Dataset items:
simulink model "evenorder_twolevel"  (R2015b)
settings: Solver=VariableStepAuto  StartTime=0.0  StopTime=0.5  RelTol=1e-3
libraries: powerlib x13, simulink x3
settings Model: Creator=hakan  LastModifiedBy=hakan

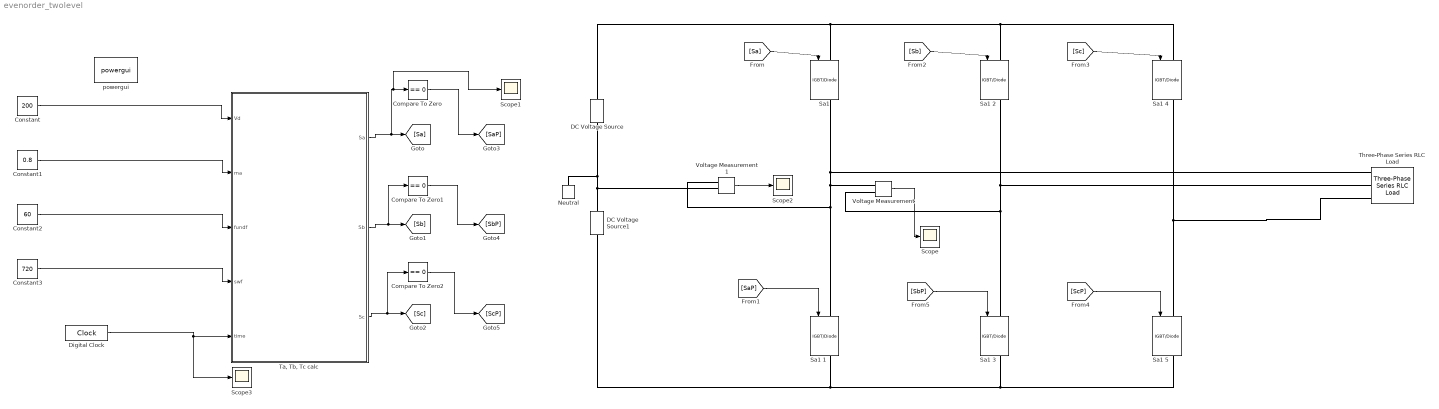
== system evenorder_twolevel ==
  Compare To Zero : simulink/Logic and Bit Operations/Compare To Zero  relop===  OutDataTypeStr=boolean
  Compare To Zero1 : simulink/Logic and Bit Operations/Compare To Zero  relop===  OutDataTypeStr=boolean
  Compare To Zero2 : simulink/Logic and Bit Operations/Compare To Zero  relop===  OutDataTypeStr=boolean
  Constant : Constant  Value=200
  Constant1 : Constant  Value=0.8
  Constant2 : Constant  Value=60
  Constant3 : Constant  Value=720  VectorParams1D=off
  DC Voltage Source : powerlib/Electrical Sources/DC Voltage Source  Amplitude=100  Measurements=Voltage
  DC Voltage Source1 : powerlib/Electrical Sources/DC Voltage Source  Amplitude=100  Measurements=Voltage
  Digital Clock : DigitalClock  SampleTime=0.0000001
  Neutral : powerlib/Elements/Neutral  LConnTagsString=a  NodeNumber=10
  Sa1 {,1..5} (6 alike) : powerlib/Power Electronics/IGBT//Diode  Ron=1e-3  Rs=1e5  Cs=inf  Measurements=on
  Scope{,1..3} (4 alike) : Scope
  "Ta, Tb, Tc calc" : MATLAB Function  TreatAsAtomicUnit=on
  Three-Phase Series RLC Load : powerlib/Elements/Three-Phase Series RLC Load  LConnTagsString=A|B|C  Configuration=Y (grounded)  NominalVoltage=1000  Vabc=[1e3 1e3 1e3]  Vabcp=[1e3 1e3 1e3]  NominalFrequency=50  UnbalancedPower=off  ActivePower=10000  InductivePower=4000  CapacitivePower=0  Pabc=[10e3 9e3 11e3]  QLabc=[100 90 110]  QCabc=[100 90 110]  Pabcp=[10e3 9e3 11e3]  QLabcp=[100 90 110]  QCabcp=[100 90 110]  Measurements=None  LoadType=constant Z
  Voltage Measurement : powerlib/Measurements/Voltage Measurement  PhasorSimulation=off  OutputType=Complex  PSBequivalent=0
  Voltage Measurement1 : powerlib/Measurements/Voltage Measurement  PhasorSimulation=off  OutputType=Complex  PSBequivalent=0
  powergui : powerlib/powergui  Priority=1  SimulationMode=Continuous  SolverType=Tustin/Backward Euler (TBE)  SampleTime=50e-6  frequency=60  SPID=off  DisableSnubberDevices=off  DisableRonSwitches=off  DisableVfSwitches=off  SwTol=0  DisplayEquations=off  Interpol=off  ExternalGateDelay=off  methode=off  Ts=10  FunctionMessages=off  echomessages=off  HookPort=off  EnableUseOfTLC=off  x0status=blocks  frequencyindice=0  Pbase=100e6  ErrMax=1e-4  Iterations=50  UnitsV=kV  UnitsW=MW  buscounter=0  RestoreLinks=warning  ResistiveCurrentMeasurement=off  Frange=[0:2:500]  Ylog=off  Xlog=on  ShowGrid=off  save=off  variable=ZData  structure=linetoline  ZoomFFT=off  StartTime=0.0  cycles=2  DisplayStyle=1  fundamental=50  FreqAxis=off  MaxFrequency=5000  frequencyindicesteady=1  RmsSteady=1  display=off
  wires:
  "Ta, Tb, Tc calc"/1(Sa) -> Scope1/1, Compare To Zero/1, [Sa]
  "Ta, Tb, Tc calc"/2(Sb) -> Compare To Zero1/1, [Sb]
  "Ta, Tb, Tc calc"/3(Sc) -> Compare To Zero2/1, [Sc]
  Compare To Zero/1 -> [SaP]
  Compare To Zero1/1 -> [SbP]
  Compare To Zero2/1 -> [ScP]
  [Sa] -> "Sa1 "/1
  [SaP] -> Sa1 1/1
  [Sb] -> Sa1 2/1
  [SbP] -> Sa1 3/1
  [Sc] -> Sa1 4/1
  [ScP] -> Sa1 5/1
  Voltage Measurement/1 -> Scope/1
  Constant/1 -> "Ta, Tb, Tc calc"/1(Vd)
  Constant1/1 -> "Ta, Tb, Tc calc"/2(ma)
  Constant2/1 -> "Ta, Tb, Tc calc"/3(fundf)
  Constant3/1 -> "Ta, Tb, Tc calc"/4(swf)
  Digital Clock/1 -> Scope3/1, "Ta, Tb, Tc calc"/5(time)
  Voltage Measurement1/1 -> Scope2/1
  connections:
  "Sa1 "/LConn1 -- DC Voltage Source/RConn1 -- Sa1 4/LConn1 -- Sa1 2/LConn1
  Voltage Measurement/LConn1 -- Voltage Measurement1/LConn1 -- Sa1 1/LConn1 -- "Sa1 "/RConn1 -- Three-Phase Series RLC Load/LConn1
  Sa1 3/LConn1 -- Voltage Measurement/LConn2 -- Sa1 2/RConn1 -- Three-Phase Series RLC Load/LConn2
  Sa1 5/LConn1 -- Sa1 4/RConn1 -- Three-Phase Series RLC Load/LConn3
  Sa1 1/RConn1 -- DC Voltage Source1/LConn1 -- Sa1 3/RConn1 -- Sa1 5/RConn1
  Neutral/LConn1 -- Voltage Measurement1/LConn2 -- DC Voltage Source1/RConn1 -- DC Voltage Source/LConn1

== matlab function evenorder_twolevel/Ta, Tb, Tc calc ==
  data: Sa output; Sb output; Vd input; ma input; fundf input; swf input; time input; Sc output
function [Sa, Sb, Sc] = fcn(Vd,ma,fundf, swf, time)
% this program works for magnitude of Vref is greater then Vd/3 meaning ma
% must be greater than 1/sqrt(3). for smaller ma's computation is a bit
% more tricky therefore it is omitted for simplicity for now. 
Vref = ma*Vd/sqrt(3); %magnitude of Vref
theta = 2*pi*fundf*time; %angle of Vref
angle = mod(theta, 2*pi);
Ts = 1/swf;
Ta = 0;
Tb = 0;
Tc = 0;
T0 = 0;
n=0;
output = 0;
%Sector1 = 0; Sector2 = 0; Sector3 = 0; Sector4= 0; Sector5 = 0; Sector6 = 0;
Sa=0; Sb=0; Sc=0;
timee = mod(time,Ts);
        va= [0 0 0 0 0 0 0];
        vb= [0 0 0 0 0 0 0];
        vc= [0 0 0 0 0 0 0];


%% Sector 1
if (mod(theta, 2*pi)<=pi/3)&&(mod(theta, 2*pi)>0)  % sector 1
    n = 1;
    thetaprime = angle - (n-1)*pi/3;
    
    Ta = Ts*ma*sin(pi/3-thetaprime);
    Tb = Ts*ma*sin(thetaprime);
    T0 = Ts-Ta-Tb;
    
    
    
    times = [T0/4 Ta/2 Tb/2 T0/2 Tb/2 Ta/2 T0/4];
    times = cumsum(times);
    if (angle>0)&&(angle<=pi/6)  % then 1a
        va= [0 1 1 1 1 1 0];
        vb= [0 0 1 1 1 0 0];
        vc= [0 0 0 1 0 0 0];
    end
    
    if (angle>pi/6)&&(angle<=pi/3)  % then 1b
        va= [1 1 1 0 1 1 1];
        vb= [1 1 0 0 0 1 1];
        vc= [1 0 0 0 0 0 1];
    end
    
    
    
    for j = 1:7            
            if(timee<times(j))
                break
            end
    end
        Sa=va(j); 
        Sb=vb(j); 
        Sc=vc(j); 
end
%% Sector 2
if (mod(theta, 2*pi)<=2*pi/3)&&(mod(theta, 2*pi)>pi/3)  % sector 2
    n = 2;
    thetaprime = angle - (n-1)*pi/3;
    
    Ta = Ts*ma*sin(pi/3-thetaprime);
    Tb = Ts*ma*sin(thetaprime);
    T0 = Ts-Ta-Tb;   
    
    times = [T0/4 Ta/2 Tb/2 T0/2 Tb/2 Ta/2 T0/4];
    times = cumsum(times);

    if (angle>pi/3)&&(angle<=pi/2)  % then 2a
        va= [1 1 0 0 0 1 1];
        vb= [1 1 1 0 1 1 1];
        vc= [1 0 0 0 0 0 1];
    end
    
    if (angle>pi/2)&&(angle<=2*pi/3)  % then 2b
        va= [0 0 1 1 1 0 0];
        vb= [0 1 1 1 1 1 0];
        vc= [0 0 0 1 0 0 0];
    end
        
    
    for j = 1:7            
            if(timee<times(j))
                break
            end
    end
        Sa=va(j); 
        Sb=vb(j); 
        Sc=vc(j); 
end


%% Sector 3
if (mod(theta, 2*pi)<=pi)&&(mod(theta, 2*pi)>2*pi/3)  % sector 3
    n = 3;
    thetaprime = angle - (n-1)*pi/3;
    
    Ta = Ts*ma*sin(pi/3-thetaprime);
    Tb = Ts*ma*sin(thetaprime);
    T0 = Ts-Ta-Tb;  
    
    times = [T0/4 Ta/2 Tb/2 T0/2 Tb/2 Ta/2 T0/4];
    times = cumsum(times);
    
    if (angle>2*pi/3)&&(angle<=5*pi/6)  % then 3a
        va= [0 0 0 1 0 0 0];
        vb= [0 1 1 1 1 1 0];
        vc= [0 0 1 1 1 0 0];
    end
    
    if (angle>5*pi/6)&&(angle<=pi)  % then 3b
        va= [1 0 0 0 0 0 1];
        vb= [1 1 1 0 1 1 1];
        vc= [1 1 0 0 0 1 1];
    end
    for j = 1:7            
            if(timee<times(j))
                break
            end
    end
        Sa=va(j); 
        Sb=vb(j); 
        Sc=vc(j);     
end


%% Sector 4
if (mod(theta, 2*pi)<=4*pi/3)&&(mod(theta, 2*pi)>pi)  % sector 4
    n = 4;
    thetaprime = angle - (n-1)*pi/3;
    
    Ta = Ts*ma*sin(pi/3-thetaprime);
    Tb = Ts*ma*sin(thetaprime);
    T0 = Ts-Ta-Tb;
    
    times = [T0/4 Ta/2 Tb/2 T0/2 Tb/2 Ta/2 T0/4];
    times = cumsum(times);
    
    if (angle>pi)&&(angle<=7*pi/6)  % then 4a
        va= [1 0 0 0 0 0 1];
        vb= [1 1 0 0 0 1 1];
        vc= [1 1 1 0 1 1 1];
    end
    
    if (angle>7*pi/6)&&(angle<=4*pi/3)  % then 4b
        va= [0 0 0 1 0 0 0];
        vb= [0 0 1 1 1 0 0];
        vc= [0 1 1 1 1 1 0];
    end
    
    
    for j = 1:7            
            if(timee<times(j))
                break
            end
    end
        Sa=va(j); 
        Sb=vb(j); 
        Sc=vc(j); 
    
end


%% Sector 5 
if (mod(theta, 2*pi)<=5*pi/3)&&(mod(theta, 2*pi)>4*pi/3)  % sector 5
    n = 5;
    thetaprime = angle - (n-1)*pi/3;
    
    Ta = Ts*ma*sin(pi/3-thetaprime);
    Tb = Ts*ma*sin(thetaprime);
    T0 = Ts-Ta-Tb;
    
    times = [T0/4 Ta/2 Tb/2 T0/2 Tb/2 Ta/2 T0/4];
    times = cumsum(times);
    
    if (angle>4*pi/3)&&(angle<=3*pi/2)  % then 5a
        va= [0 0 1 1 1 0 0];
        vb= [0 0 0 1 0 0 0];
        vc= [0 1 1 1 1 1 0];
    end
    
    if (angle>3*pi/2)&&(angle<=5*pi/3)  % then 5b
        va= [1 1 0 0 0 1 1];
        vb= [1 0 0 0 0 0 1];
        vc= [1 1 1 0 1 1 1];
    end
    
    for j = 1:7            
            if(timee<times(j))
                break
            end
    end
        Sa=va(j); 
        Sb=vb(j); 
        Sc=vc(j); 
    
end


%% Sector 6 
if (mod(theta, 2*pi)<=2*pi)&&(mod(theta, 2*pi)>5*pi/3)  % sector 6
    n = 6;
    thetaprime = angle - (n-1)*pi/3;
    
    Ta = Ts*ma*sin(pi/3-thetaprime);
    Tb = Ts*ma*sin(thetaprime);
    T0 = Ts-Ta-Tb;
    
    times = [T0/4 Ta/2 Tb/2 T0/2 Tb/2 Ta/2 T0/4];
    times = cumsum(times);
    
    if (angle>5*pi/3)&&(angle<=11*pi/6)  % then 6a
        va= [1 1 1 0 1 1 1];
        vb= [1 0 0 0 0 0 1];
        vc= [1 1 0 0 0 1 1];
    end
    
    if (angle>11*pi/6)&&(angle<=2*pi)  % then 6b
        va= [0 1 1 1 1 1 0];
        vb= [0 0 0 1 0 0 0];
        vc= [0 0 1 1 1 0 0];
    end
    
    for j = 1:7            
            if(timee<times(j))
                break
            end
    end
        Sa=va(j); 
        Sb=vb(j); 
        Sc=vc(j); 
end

= WHAT IS REQUIRED =
Going through the data above, count the lines where the string "boolean" appears, and answer with only that number.

= EXERCISE RESULT =
3